# Some people are meant to be statistics



## Popspastime (Apr 1, 2014)

So I'm getting ready to launch my boat at mosquito this morning, doing the fuel bulb, checking the plug.. you know the usual. Watch a guy pull in with a 10 ft boat on a trailer and launch it, a very small boat. This guy was a larger fellow but out of his vehicle stepped two more and all three got in that boat to go fishing. The boat was half submerged and very unstable when they left the dock heading out for open water. Are people really that stupid as to not know a limitation on a smaller boat like that? None were wearing PFD's so if that thing were to go over ... well you know the rest.
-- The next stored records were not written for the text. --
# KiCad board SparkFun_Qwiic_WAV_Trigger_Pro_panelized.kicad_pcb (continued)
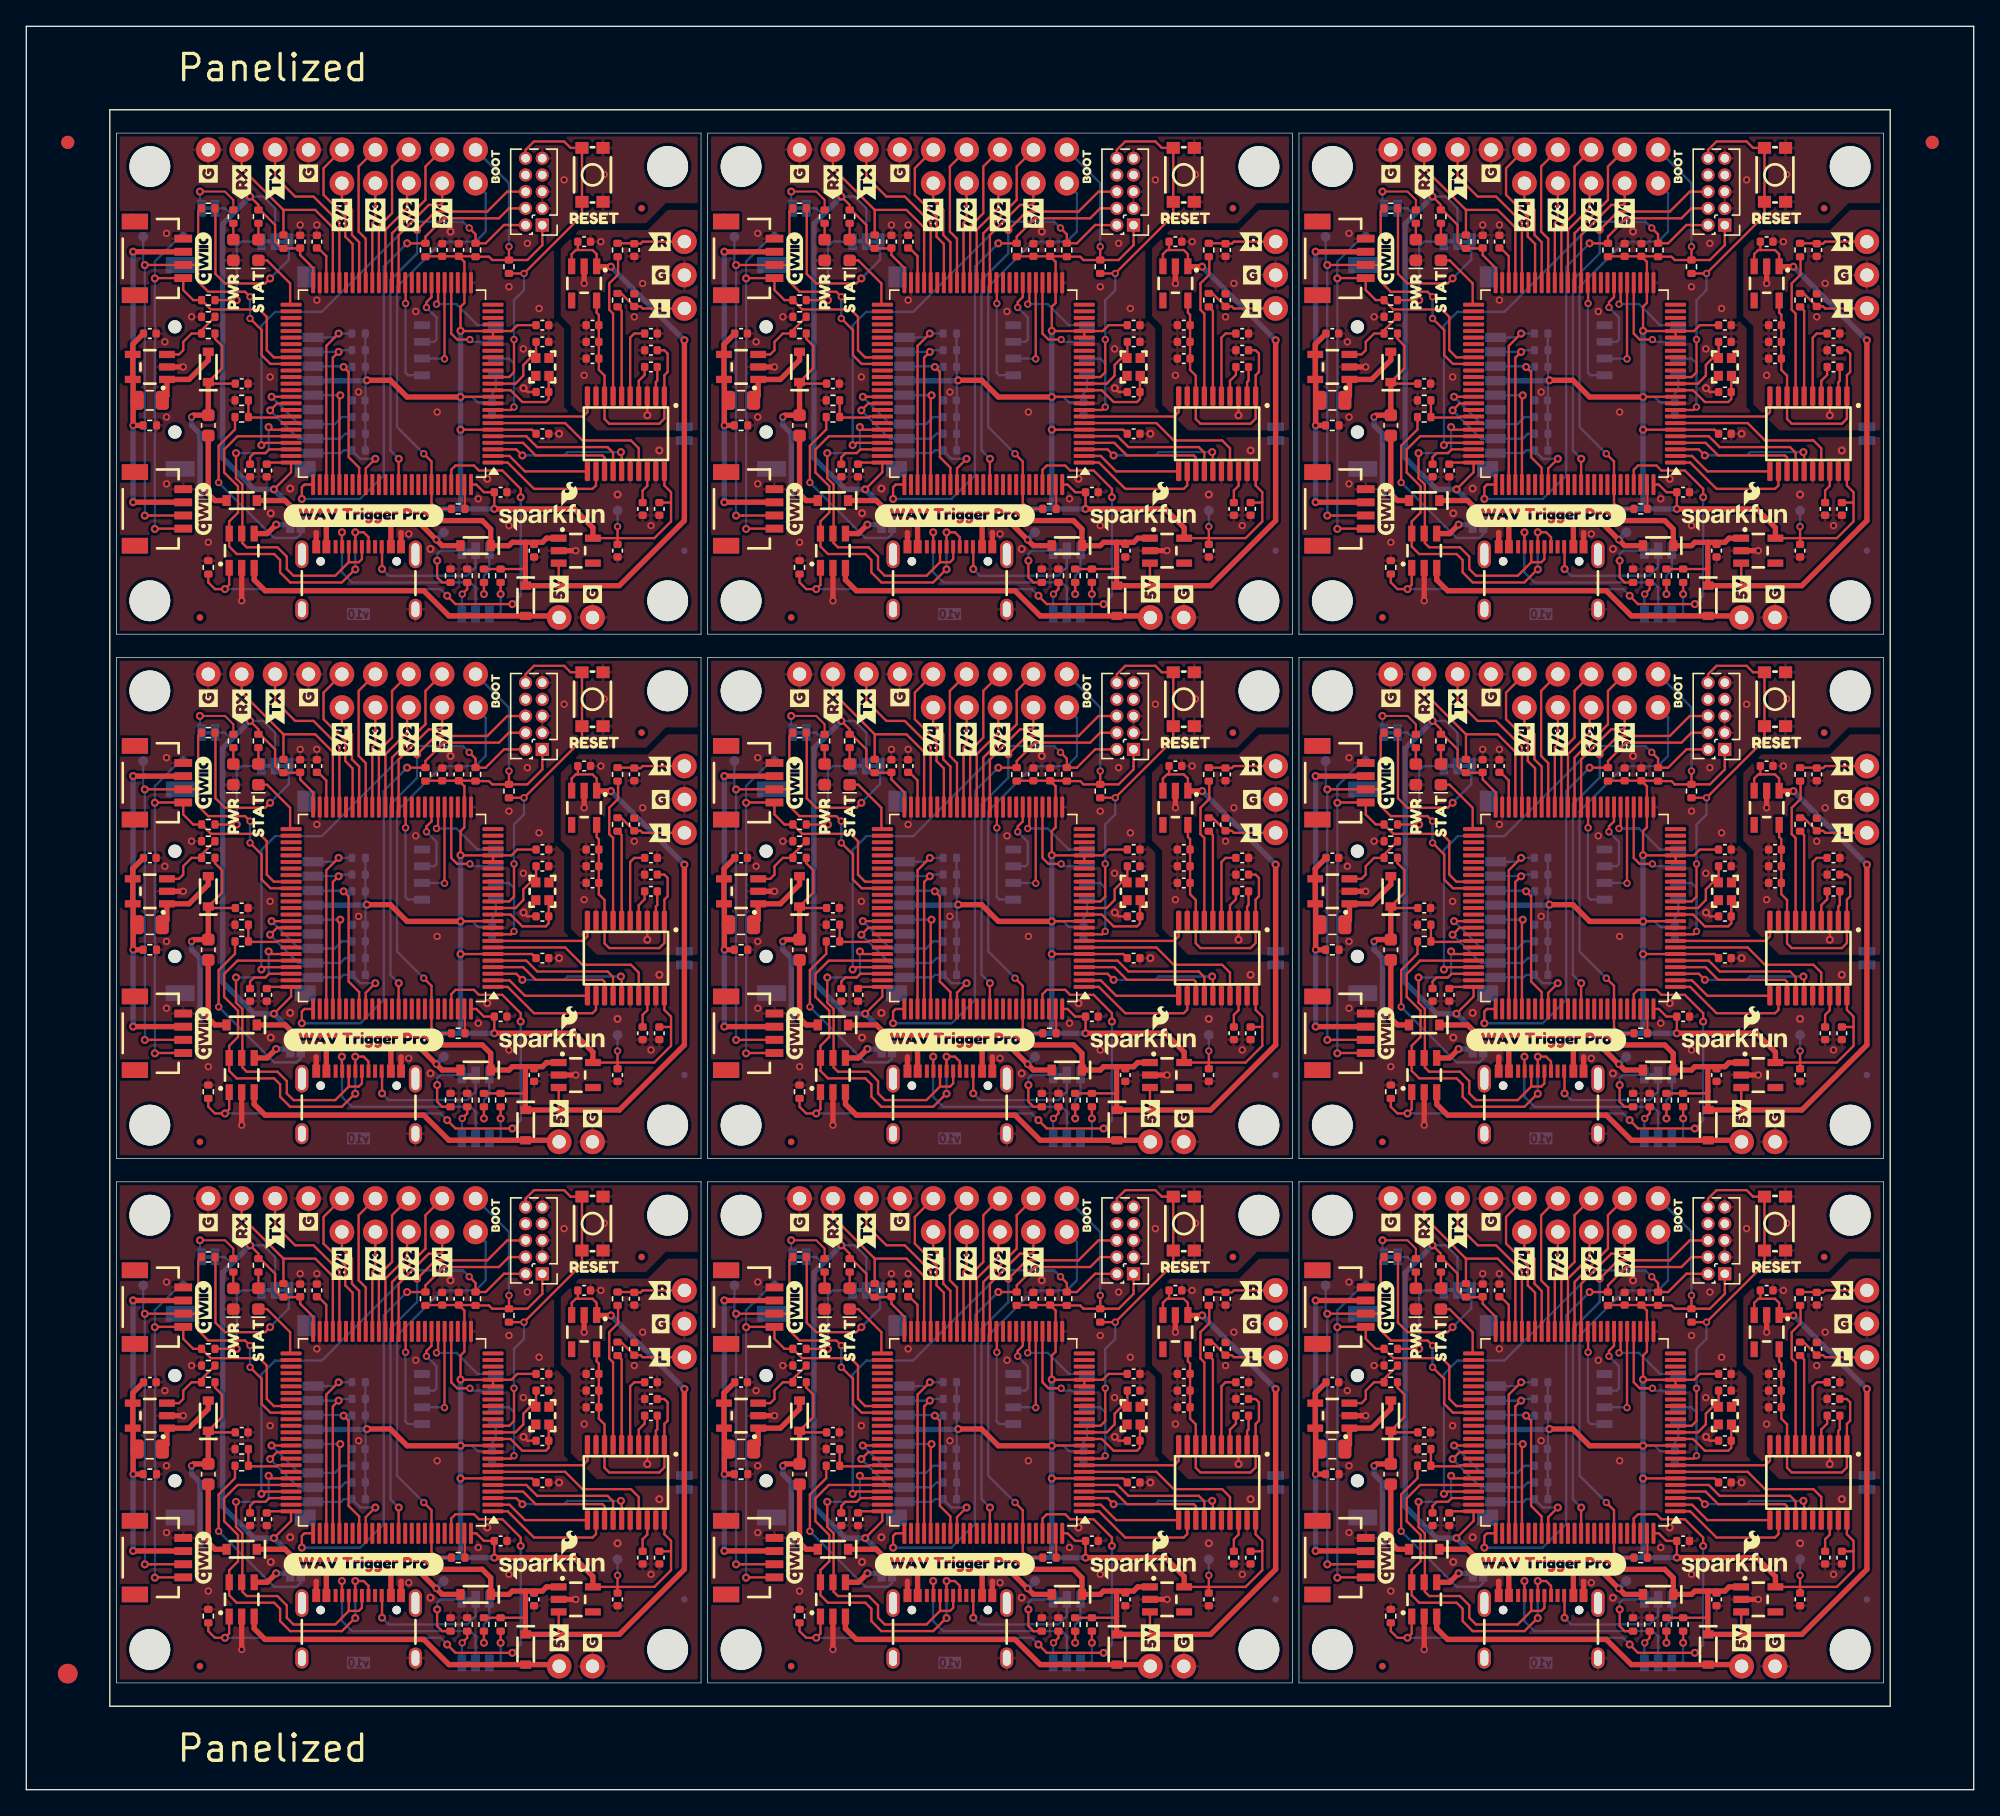
[diagram p0: board, top side]
## Placement (name value [footprint] x y rotation side) (continued)
kibuzzard-66465CD3#6  G***  [kibuzzard-66465CD3]  138.12 115.17 180 bottom
kibuzzard-66465CD3#7  G***  [kibuzzard-66465CD3]  48.22 115.17 180 bottom
kibuzzard-66465CD3#8  G***  [kibuzzard-66465CD3]  138.12 75.3 180 bottom
kibuzzard-66465CD3#9  G***  [kibuzzard-66465CD3]  48.22 35.43 180 bottom
kibuzzard-664651A6  G***  [kibuzzard-664651A6]  61.33 122.15 90 bottom
kibuzzard-664651A6#2  G***  [kibuzzard-664651A6]  106.27 82.28 90 bottom
kibuzzard-664651A6#3  G***  [kibuzzard-664651A6]  16.38 122.15 90 bottom
kibuzzard-664651A6#4  G***  [kibuzzard-664651A6]  61.33 42.41 90 bottom
kibuzzard-664651A6#5  G***  [kibuzzard-664651A6]  16.38 82.28 90 bottom
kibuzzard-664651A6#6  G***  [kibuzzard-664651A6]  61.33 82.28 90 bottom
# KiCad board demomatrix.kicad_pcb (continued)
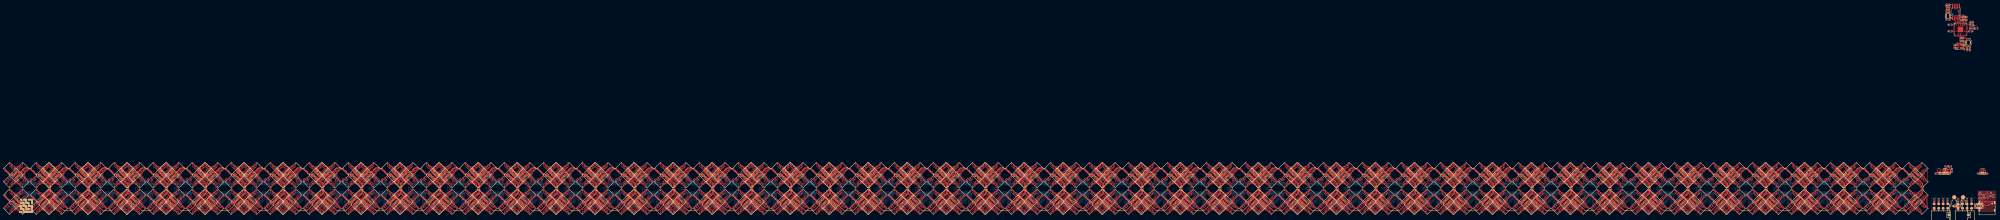
[diagram p0: board, top side]
## Routing (per net, layer and track width the routed paths; a pad name or vN(x,y) marks a point on that pad's centre or on a via; arc(x,y) is an arc through that point) (continued)
rgbs[3]-anodes-anode-526: length 3.9
  Top w0.2: LED640.6 -362.46,0.62 -361.26,0.62 -360.92,0.97 -360.46,0.97 -360.11,0.61 -359.12,0.61 LED639.5
rgbs[3]-anodes-anode-527: length 1.8
  Top w0.2: LED639.7 -359.9,1.53 -359.94,1.53 -360.11,1.37 -361.32,1.37 LED640.8
rgbs[3]-anodes-anode-528: length 9.5
  Top w0.2: LED51.3 -351.13,14.9 -351.13,14.93 -350.98,15.08 -350.98,15.89 -352.54,17.45 -352.79,17.45 -353.47,16.77 -353.91,16.77 -354.59,17.45 -354.84,17.45 -355.4,16.89 -355.4,16.88 -355.69,16.59 -355.7,16.59 -356.43,15.87 -356.43,15.08 LED52.4
rgbs[3]-anodes-anode-529: length 12.8
  Top w0.2: LED52.2 -357.16,14.12 -357.16,15.7 -355.86,16.99 -355.86,16.99 -355.8,17.05 -355.8,17.06 -355.01,17.85 -354.43,17.85 -353.74,17.17 -353.64,17.17 -352.95,17.85 -352.37,17.85 -350.22,15.7 -350.22,14.31 -350.15,14.23 -350.28,14.1 -350.28,14.06 LED51.1
rgbs[3]-anodes-anode-530: length 3.9
  Top w0.2: LED52.6 -355.46,15.62 -354.26,15.62 -353.92,15.97 -353.46,15.97 -353.11,15.61 -352.12,15.61 LED51.5
rgbs[3]-anodes-anode-531: length 1.8
  Top w0.2: LED51.7 -352.9,16.53 -352.94,16.53 -353.11,16.37 -354.32,16.37 LED52.8
rgbs[3]-anodes-anode-532: length 9.5
  Top w0.2: LED56.4 -341.43,15.08 -341.43,15.87 -340.7,16.59 -340.69,16.59 -340.4,16.88 -340.4,16.89 -339.84,17.45 -339.59,17.45 -338.91,16.77 -338.47,16.77 -337.79,17.45 -337.54,17.45 -335.98,15.89 -335.98,15.08 -336.13,14.93 -336.13,14.9 LED55.3
rgbs[3]-anodes-anode-533: length 12.8
  Top w0.2: LED55.1 -335.28,14.06 -335.28,14.1 -335.15,14.23 -335.22,14.31 -335.22,15.7 -337.37,17.85 -337.95,17.85 -338.64,17.17 -338.74,17.17 -339.43,17.85 -340.01,17.85 -340.8,17.06 -340.8,17.05 -340.86,16.99 -340.86,16.99 -342.16,15.7 -342.16,14.12 LED56.2
rgbs[3]-anodes-anode-534: length 3.9
  Top w0.2: LED55.5 -337.12,15.61 -338.11,15.61 -338.46,15.97 -338.92,15.97 -339.26,15.62 -340.46,15.62 LED56.6
rgbs[3]-anodes-anode-535: length 1.8
  Top w0.2: LED55.7 -337.9,16.53 -337.94,16.53 -338.11,16.37 -339.32,16.37 LED56.8
rgbs[3]-anodes-anode-536: length 9.5
  Top w0.2: LED59.3 -351.13,-0.1 -351.13,-0.07 -350.98,0.08 -350.98,0.89 -352.54,2.45 -352.79,2.45 -353.47,1.77 -353.91,1.77 -354.59,2.45 -354.84,2.45 -355.4,1.89 -355.4,1.88 -355.69,1.59 -355.7,1.59 -356.43,0.87 -356.43,0.08 LED60.4
rgbs[3]-anodes-anode-537: length 12.8
  Top w0.2: LED60.2 -357.16,-0.88 -357.16,0.7 -355.86,1.99 -355.86,1.99 -355.8,2.05 -355.8,2.06 -355.01,2.85 -354.43,2.85 -353.74,2.17 -353.64,2.17 -352.95,2.85 -352.37,2.85 -350.22,0.7 -350.22,-0.69 -350.15,-0.77 -350.28,-0.9 -350.28,-0.94 LED59.1
rgbs[3]-anodes-anode-538: length 3.9
  Top w0.2: LED60.6 -355.46,0.62 -354.26,0.62 -353.92,0.97 -353.46,0.97 -353.11,0.61 -352.12,0.61 LED59.5
rgbs[3]-anodes-anode-539: length 1.8
  Top w0.2: LED60.8 -354.32,1.37 -353.11,1.37 -352.94,1.53 -352.9,1.53 LED59.7
rgbs[3]-anodes-anode-540: length 9.5
  Top w0.2: LED64.4 -341.43,0.08 -341.43,0.87 -340.7,1.59 -340.69,1.59 -340.4,1.88 -340.4,1.89 -339.84,2.45 -339.59,2.45 -338.91,1.77 -338.47,1.77 -337.79,2.45 -337.54,2.45 -335.98,0.89 -335.98,0.08 -336.13,-0.07 -336.13,-0.1 LED63.3
rgbs[3]-anodes-anode-541: length 12.8
  Top w0.2: LED63.1 -335.28,-0.94 -335.28,-0.9 -335.15,-0.77 -335.22,-0.69 -335.22,0.7 -337.37,2.85 -337.95,2.85 -338.64,2.17 -338.74,2.17 -339.43,2.85 -340.01,2.85 -340.8,2.06 -340.8,2.05 -340.86,1.99 -340.86,1.99 -342.16,0.7 -342.16,-0.88 LED64.2
rgbs[3]-anodes-anode-542: length 3.9
  Top w0.2: LED64.6 -340.46,0.62 -339.26,0.62 -338.92,0.97 -338.46,0.97 -338.11,0.61 -337.12,0.61 LED63.5
rgbs[3]-anodes-anode-543: length 1.8
  Top w0.2: LED63.7 -337.9,1.53 -337.94,1.53 -338.11,1.37 -339.32,1.37 LED64.8
rgbs[3]-anodes-anode-544: length 9.5
  Top w0.2: LED644.4 -334.43,15.08 -334.43,15.87 -333.7,16.59 -333.69,16.59 -333.4,16.88 -333.4,16.89 -332.84,17.45 -332.59,17.45 -331.91,16.77 -331.47,16.77 -330.79,17.45 -330.54,17.45 -328.98,15.89 -328.98,15.08 -329.13,14.93 -329.13,14.9 LED643.3
rgbs[3]-anodes-anode-545: length 12.8
  Top w0.2: LED643.1 -328.28,14.06 -328.28,14.1 -328.15,14.23 -328.22,14.31 -328.22,15.7 -330.37,17.85 -330.95,17.85 -331.64,17.17 -331.74,17.17 -332.43,17.85 -333.01,17.85 -333.8,17.06 -333.8,17.05 -333.86,16.99 -333.86,16.99 -335.16,15.7 -335.16,14.12 LED644.2
rgbs[3]-anodes-anode-546: length 3.9
  Top w0.2: LED643.5 -330.12,15.61 -331.11,15.61 -331.46,15.97 -331.92,15.97 -332.26,15.62 -333.46,15.62 LED644.6
rgbs[3]-anodes-anode-547: length 1.8
  Top w0.2: LED643.7 -330.9,16.53 -330.94,16.53 -331.11,16.37 -332.32,16.37 LED644.8
rgbs[3]-anodes-anode-548: length 9.5
  Top w0.2: LED647.3 -314.13,14.9 -314.13,14.93 -313.98,15.08 -313.98,15.89 -315.54,17.45 -315.79,17.45 -316.47,16.77 -316.91,16.77 -317.59,17.45 -317.84,17.45 -318.4,16.89 -318.4,16.88 -318.69,16.59 -318.7,16.59 -319.43,15.87 -319.43,15.08 LED648.4
rgbs[3]-anodes-anode-549: length 12.8
  Top w0.2: LED647.1 -313.28,14.06 -313.28,14.1 -313.15,14.23 -313.22,14.31 -313.22,15.7 -315.37,17.85 -315.95,17.85 -316.64,17.17 -316.74,17.17 -317.43,17.85 -318.01,17.85 -318.8,17.06 -318.8,17.05 -318.86,16.99 -318.86,16.99 -320.16,15.7 -320.16,14.12 LED648.2
rgbs[3]-anodes-anode-550: length 3.9
  Top w0.2: LED647.5 -315.12,15.61 -316.11,15.61 -316.46,15.97 -316.92,15.97 -317.26,15.62 -318.46,15.62 LED648.6
rgbs[3]-anodes-anode-551: length 1.8
  Top w0.2: LED647.7 -315.9,16.53 -315.94,16.53 -316.11,16.37 -317.32,16.37 LED648.8
rgbs[3]-anodes-anode-552: length 9.5
  Top w0.2: LED651.3 -329.13,-0.1 -329.13,-0.07 -328.98,0.08 -328.98,0.89 -330.54,2.45 -330.79,2.45 -331.47,1.77 -331.91,1.77 -332.59,2.45 -332.84,2.45 -333.4,1.89 -333.4,1.88 -333.69,1.59 -333.7,1.59 -334.43,0.87 -334.43,0.08 LED652.4
rgbs[3]-anodes-anode-553: length 12.8
  Top w0.2: LED651.1 -328.28,-0.94 -328.28,-0.9 -328.15,-0.77 -328.22,-0.69 -328.22,0.7 -330.37,2.85 -330.95,2.85 -331.64,2.17 -331.74,2.17 -332.43,2.85 -333.01,2.85 -333.8,2.06 -333.8,2.05 -333.86,1.99 -333.86,1.99 -335.16,0.7 -335.16,-0.88 LED652.2
rgbs[3]-anodes-anode-554: length 3.9
  Top w0.2: LED652.6 -333.46,0.62 -332.26,0.62 -331.92,0.97 -331.46,0.97 -331.11,0.61 -330.12,0.61 LED651.5
rgbs[3]-anodes-anode-555: length 1.8
  Top w0.2: LED651.7 -330.9,1.53 -330.94,1.53 -331.11,1.37 -332.32,1.37 LED652.8
rgbs[3]-anodes-anode-556: length 9.5
  Top w0.2: LED656.4 -319.43,0.08 -319.43,0.87 -318.7,1.59 -318.69,1.59 -318.4,1.88 -318.4,1.89 -317.84,2.45 -317.59,2.45 -316.91,1.77 -316.47,1.77 -315.79,2.45 -315.54,2.45 -313.98,0.89 -313.98,0.08 -314.13,-0.07 -314.13,-0.1 LED655.3
rgbs[3]-anodes-anode-557: length 12.8
  Top w0.2: LED656.2 -320.16,-0.88 -320.16,0.7 -318.86,1.99 -318.86,1.99 -318.8,2.05 -318.8,2.06 -318.01,2.85 -317.43,2.85 -316.74,2.17 -316.64,2.17 -315.95,2.85 -315.37,2.85 -313.22,0.7 -313.22,-0.69 -313.15,-0.77 -313.28,-0.9 -313.28,-0.94 LED655.1
rgbs[3]-anodes-anode-558: length 3.9
  Top w0.2: LED655.5 -315.12,0.61 -316.11,0.61 -316.46,0.97 -316.92,0.97 -317.26,0.62 -318.46,0.62 LED656.6
rgbs[3]-anodes-anode-559: length 1.8
  Top w0.2: LED656.8 -317.32,1.37 -316.11,1.37 -315.94,1.53 -315.9,1.53 LED655.7
rgbs[3]-anodes-anode-560: length 9.5
  Top w0.2: LED659.3 -307.13,14.9 -307.13,14.93 -306.98,15.08 -306.98,15.89 -308.54,17.45 -308.79,17.45 -309.47,16.77 -309.91,16.77 -310.59,17.45 -310.84,17.45 -311.4,16.89 -311.4,16.88 -311.69,16.59 -311.7,16.59 -312.43,15.87 -312.43,15.08 LED660.4
rgbs[3]-anodes-anode-561: length 12.8
  Top w0.2: LED660.2 -313.16,14.12 -313.16,15.7 -311.86,16.99 -311.86,16.99 -311.8,17.05 -311.8,17.06 -311.01,17.85 -310.43,17.85 -309.74,17.17 -309.64,17.17 -308.95,17.85 -308.37,17.85 -306.22,15.7 -306.22,14.31 -306.15,14.23 -306.28,14.1 -306.28,14.06 LED659.1
rgbs[3]-anodes-anode-562: length 3.9
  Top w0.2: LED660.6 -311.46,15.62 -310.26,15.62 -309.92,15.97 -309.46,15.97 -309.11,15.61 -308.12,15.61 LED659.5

I just shook my head.


----------



## Slikster (Jul 14, 2005)

Ya can't cure stupid.


----------



## sherman51 (Apr 12, 2011)

you'll always find that 10% that just doesn't get it.
sherman


----------



## fastwater (Apr 1, 2014)

Probably the same three stooges I saw at Lake Logan last year. 
By the time they piled themselves and all their equip. in the boat the gunwales were literally 2"s out of the water. I thought as I was pulling out that there will surely be a Hocking Co. EMS run that day.


----------



## Snook (Aug 19, 2008)

No fish worth it! Ever!


----------



## fastwater (Apr 1, 2014)

Snook said:


> No fish worth it! Ever!


The absolute best I've ever seen have been instances of insanity at Lake Erie with overloaded 12-14' skiffs out in 3-4'ers. Seems you just look at them and think that at least one of them has a death wish...the others are just to stupid to know the danger they are in.


----------